OpenAI_api_key = userdata.get("OpenAIkey")
os.environ['OPENAI_API_KEY'] = OpenAI_api_key
Mistral_api_key = userdata.get("MistralKey")
os.environ['MISTRAL_API_KEY'] = Mistral_api_key
news_api_key = userdata.get('NewsAPI')
os.environ['NEWS_API_KEY'] = news_api_key

# LangChain tracing LLM usage and bugs with LangSmith: https://python.langchain.com/docs/langsmith/walkthrough
LangChain_api_key = userdata.get('LangChain')
os.environ['LANGCHAIN_API_KEY'] = LangChain_api_key
os.environ['LANGCHAIN_TRACING_V2'] = "true"
os.environ["LANGCHAIN_PROJECT"] = "NewsAPI RAG"
os.environ["LANGCHAIN_ENDPOINT"] = "https://api.smith.langchain.com"

# if secretName == "MistralKey":
#   os.environ['OPENAI_API_BASE']="https://api.mistral.ai/v1"
#   os.environ['OPENAI_MODEL_NAME']="mistral-small"
# else:
os.environ['OPENAI_API_BASE']="https://api.openai.com/v1"
os.environ["OPENAI_MODEL_NAME"]="gpt-4-0125-preview"

## Import dependencies

In [3]:
import requests
from langchain_openai import ChatOpenAI # tool to interact with OpenAI chat-style LLM's (like ChatGPT)
from langchain_mistralai.chat_models import ChatMistralAI # tool to interact with Mistral chat-style LLM's
from langchain_core.retrievers import BaseRetriever # Abstract base class for a Document retrieval system (search for documents by queries): https://api.python.langchain.com/en/latest/retrievers/langchain_core.retrievers.BaseRetriever.html
from langchain_community.document_loaders import WebBaseLoader # 1. Load the content of specific URL
from langchain.text_splitter import RecursiveCharacterTextSplitter # 2. Split web conent into chunks
from langchain_openai import OpenAIEmbeddings # 3. Convert splited web content to Embedings with OpenAI embedding models by API = costs money: https://platform.openai.com/docs/guides/embeddings
from langchain_community.vectorstores import Chroma # 4. Store embedings in Chroma DB
from langchain.tools import tool # build a pipeline, chain of different tools.
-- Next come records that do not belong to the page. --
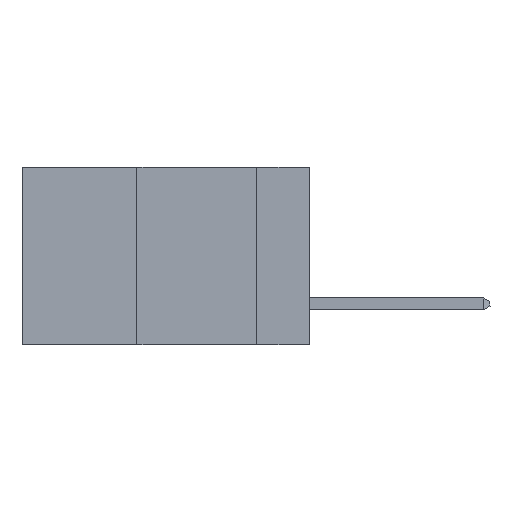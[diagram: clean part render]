
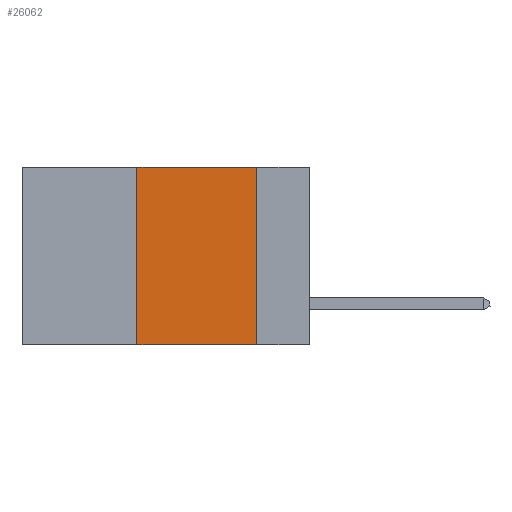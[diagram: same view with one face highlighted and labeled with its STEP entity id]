
A CAD part, left-side view. The second image highlights one B-rep face of the part: STEP entity #26062.
In plain terms, the highlighted planar face has unit normal (-1, 0, 0).
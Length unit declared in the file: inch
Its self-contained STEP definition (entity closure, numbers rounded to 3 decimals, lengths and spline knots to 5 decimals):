
#44 = VERTEX_POINT ( 'NONE', #18877 ) ;
#209 = ORIENTED_EDGE ( 'NONE', *, *, #5050, .F. ) ;
#1022 = CARTESIAN_POINT ( 'NONE',  ( 0., 0.36, 0. ) ) ;
#1518 = ORIENTED_EDGE ( 'NONE', *, *, #5335, .F. ) ;
#1673 = EDGE_LOOP ( 'NONE', ( #209, #1518, #9069, #12983 ) ) ;
#2786 = VECTOR ( 'NONE', #24970, 39.37008 ) ;
#3096 = DIRECTION ( 'NONE',  ( 0., 0., 1. ) ) ;
#3432 = LINE ( 'NONE', #1022, #24808 ) ;
#3520 = CARTESIAN_POINT ( 'NONE',  ( 0., 0.11, 0. ) ) ;
#3645 = DIRECTION ( 'NONE',  ( 0., 0., -1. ) ) ;
#4401 = VECTOR ( 'NONE', #5632, 39.37008 ) ;
#4893 = EDGE_CURVE ( 'NONE', #44, #6577, #3432, .T. ) ;
#5050 = EDGE_CURVE ( 'NONE', #13333, #5582, #20933, .T. ) ;
#5335 = EDGE_CURVE ( 'NONE', #6577, #13333, #19319, .T. ) ;
#5582 = VERTEX_POINT ( 'NONE', #7191 ) ;
#5632 = DIRECTION ( 'NONE',  ( 0., 0., -1. ) ) ;
#6577 = VERTEX_POINT ( 'NONE', #13428 ) ;
#7191 = CARTESIAN_POINT ( 'NONE',  ( 0., 0.11, -0.37 ) ) ;
#7941 = AXIS2_PLACEMENT_3D ( 'NONE', #14091, #16165, #3645 ) ;
#8500 = CARTESIAN_POINT ( 'NONE',  ( 0., 0.6, 0. ) ) ;
#9069 = ORIENTED_EDGE ( 'NONE', *, *, #4893, .F. ) ;
#11168 = CARTESIAN_POINT ( 'NONE',  ( 0., 0.11, 0. ) ) ;
#12982 = EDGE_CURVE ( 'NONE', #44, #5582, #13688, .T. ) ;
#12983 = ORIENTED_EDGE ( 'NONE', *, *, #12982, .T. ) ;
#13333 = VERTEX_POINT ( 'NONE', #11168 ) ;
#13428 = CARTESIAN_POINT ( 'NONE',  ( 0., 0.36, 0. ) ) ;
#13688 = LINE ( 'NONE', #26413, #18475 ) ;
#14091 = CARTESIAN_POINT ( 'NONE',  ( 0., 0.6, 0. ) ) ;
#16165 = DIRECTION ( 'NONE',  ( 1., 0., 0. ) ) ;
#17322 = FACE_OUTER_BOUND ( 'NONE', #1673, .T. ) ;
#18259 = DIRECTION ( 'NONE',  ( 0., -1., 0. ) ) ;
#18475 = VECTOR ( 'NONE', #18259, 39.37008 ) ;
#18877 = CARTESIAN_POINT ( 'NONE',  ( 0., 0.36, -0.37 ) ) ;
#19319 = LINE ( 'NONE', #8500, #2786 ) ;
#20933 = LINE ( 'NONE', #3520, #4401 ) ;
#24808 = VECTOR ( 'NONE', #3096, 39.37008 ) ;
#24970 = DIRECTION ( 'NONE',  ( 0., -1., 0. ) ) ;
#26062 = ADVANCED_FACE ( 'NONE', ( #17322 ), #26355, .F. ) ;
#26355 = PLANE ( 'NONE',  #7941 ) ;
#26413 = CARTESIAN_POINT ( 'NONE',  ( 0., 0.6, -0.37 ) ) ;
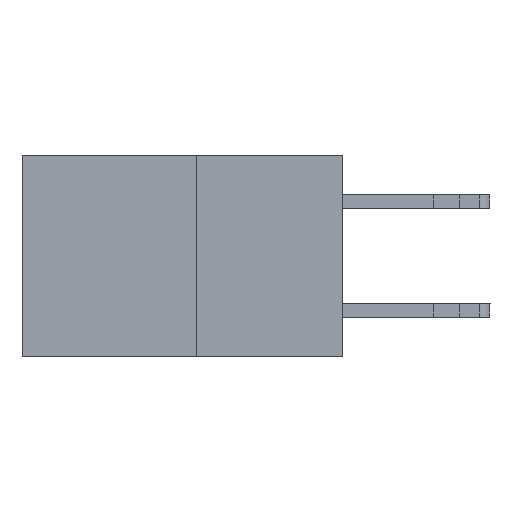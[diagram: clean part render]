
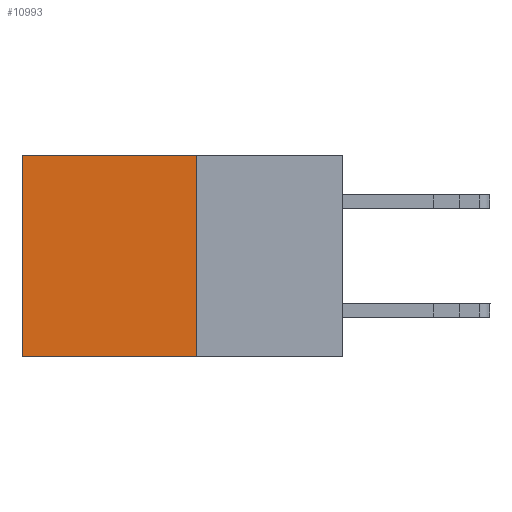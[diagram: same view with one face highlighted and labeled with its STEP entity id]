
A CAD part, left-side view. The second image highlights one B-rep face of the part: STEP entity #10993.
In plain terms, the highlighted planar face has unit normal (-1, 0, 0).
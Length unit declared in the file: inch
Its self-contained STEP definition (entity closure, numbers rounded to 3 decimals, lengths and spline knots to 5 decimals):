
#264 = FACE_OUTER_BOUND ( 'NONE', #4057, .T. ) ;
#541 = VECTOR ( 'NONE', #2147, 39.37008 ) ;
#1059 = EDGE_CURVE ( 'NONE', #13284, #11031, #17767, .T. ) ;
#1591 = ORIENTED_EDGE ( 'NONE', *, *, #17906, .F. ) ;
#1810 = CARTESIAN_POINT ( 'NONE',  ( 0.277, 0.27, -0.37 ) ) ;
#2147 = DIRECTION ( 'NONE',  ( 0., 1., 0. ) ) ;
#2600 = VERTEX_POINT ( 'NONE', #18485 ) ;
#3261 = DIRECTION ( 'NONE',  ( 0., 1., 0. ) ) ;
#4057 = EDGE_LOOP ( 'NONE', ( #5848, #1591, #4626, #13878 ) ) ;
#4626 = ORIENTED_EDGE ( 'NONE', *, *, #15026, .F. ) ;
#5740 = CARTESIAN_POINT ( 'NONE',  ( 0.277, 0.27, 0. ) ) ;
#5848 = ORIENTED_EDGE ( 'NONE', *, *, #9937, .T. ) ;
#6243 = DIRECTION ( 'NONE',  ( 0., 0., -1. ) ) ;
#6520 = AXIS2_PLACEMENT_3D ( 'NONE', #20847, #22805, #10929 ) ;
#6611 = VECTOR ( 'NONE', #6243, 39.37008 ) ;
#6899 = PLANE ( 'NONE',  #6520 ) ;
#7415 = CARTESIAN_POINT ( 'NONE',  ( 0.277, 0.27, -0.37 ) ) ;
#8834 = LINE ( 'NONE', #7415, #18808 ) ;
#9596 = CARTESIAN_POINT ( 'NONE',  ( 0.277, 0.27, 0. ) ) ;
#9937 = EDGE_CURVE ( 'NONE', #11031, #2600, #22481, .T. ) ;
#10929 = DIRECTION ( 'NONE',  ( 0., 0., -1. ) ) ;
#10993 = ADVANCED_FACE ( 'NONE', ( #264 ), #6899, .F. ) ;
#11031 = VERTEX_POINT ( 'NONE', #24882 ) ;
#12921 = CARTESIAN_POINT ( 'NONE',  ( 0.277, 0.59, -0.37 ) ) ;
#13223 = CARTESIAN_POINT ( 'NONE',  ( 0.277, 0.27, -0.37 ) ) ;
#13284 = VERTEX_POINT ( 'NONE', #9596 ) ;
#13878 = ORIENTED_EDGE ( 'NONE', *, *, #1059, .T. ) ;
#13896 = VECTOR ( 'NONE', #3261, 39.37008 ) ;
#14532 = LINE ( 'NONE', #13223, #13896 ) ;
#15026 = EDGE_CURVE ( 'NONE', #13284, #21381, #8834, .T. ) ;
#17767 = LINE ( 'NONE', #5740, #541 ) ;
#17906 = EDGE_CURVE ( 'NONE', #21381, #2600, #14532, .T. ) ;
#18485 = CARTESIAN_POINT ( 'NONE',  ( 0.277, 0.59, -0.37 ) ) ;
#18808 = VECTOR ( 'NONE', #19339, 39.37008 ) ;
#19339 = DIRECTION ( 'NONE',  ( 0., 0., -1. ) ) ;
#20847 = CARTESIAN_POINT ( 'NONE',  ( 0.277, 0.27, -0.37 ) ) ;
#21381 = VERTEX_POINT ( 'NONE', #1810 ) ;
#22481 = LINE ( 'NONE', #12921, #6611 ) ;
#22805 = DIRECTION ( 'NONE',  ( 1., 0., 0. ) ) ;
#24882 = CARTESIAN_POINT ( 'NONE',  ( 0.277, 0.59, 0. ) ) ;

Each tool has a description. Agent uses the description to choose the right tool for the job.
from langchain_community.tools import DuckDuckGoSearchRun # performs a web search in DuckDuckGo

## Set our TOOLs

In [21]:
embedding_function = OpenAIEmbeddings()
llm_provider = "OpenAI" # @param ["Mistral", "OpenAI"] {type:"string"}
if llm_provider == "OpenAI":
  llm = ChatOpenAI(model="gpt-4-turbo-preview")
elif llm_provider == "Mistral":
  mistral_api_key = os.getenv('MISTRAL_API_KEY')
  llm = ChatMistralAI(mistral_api_key=mistral_api_key)
else:
  print("choose LLM Provider")

# Tool 1 : Save the news articles in a Chroma database
class SearchNewsDB:
  @tool("News DB Tool")
  def news (query: str):
    """Fetch news articles and process their contents."""
    NEWS_API_KEY = os.getenv('NEWS_API_KEY') # Fetch API key from environnent var
    base_url = "https://newsapi.org/v2/everything"
    # FREE VERSION OF NEWS API provides:
    # - articles 1 day old (not from today) and not older than 1 month
    # - 100 requests per day

    params = {
      'q': query,
      'sortBy': 'publishedAt',
      'apiKey': NEWS_API_KEY,
      ' language': 'en',
      'ageSize': 5,
    }

    response = requests.get(base_url, params) # Fetch list of news articles returned for our query
    if response.status_code != 200:
      return "Failed to retrieve news."

    articles = response.json().get('articles', [])
    all_splits = [] # all splits from all fetched articles
    for article in articles:
      # Assuming WebBaseLoader can handle a list of URLS
      loader = WebBaseLoader(article['url']) # load the content of specific article from internet by it's URL
      docs = loader.load() # execute the loading

      # This text splitter is the recommended one for generic text (split by: paragraphs, sentences, words)
      text_splitter = RecursiveCharacterTextSplitter(
          # DOCS: https://python.langchain.com/docs/modules/data_connection/document_transformers/recursive_text_splitter
          # Set a really small chunk size, just to show.
          chunk_size=1000,
          chunk_overlap=200,
          # length_function=len,
          # is_separator_regex=False,
      )
      splits = text_splitter.split_documents(docs) # OR: create_documents([docs]), split_text(docs)[:2]
      all_splits.extend(splits)

    # Index the accumulated content splits if there are any
    if all_splits:
      # Chrome is Vector DB, same as Redis (key:value pairs)
      # DOCS: https://python.langchain.com/docs/integrations/vectorstores/chroma
      vectorstore = Chroma.from_documents(all_splits, embedding=embedding_function, persist_directory="./chroma_db")
      retriever = vectorstore.similarity_search(query) # search all splits of all articles by similarity to our query
      return retriever
    else:
      return "No content available for processing."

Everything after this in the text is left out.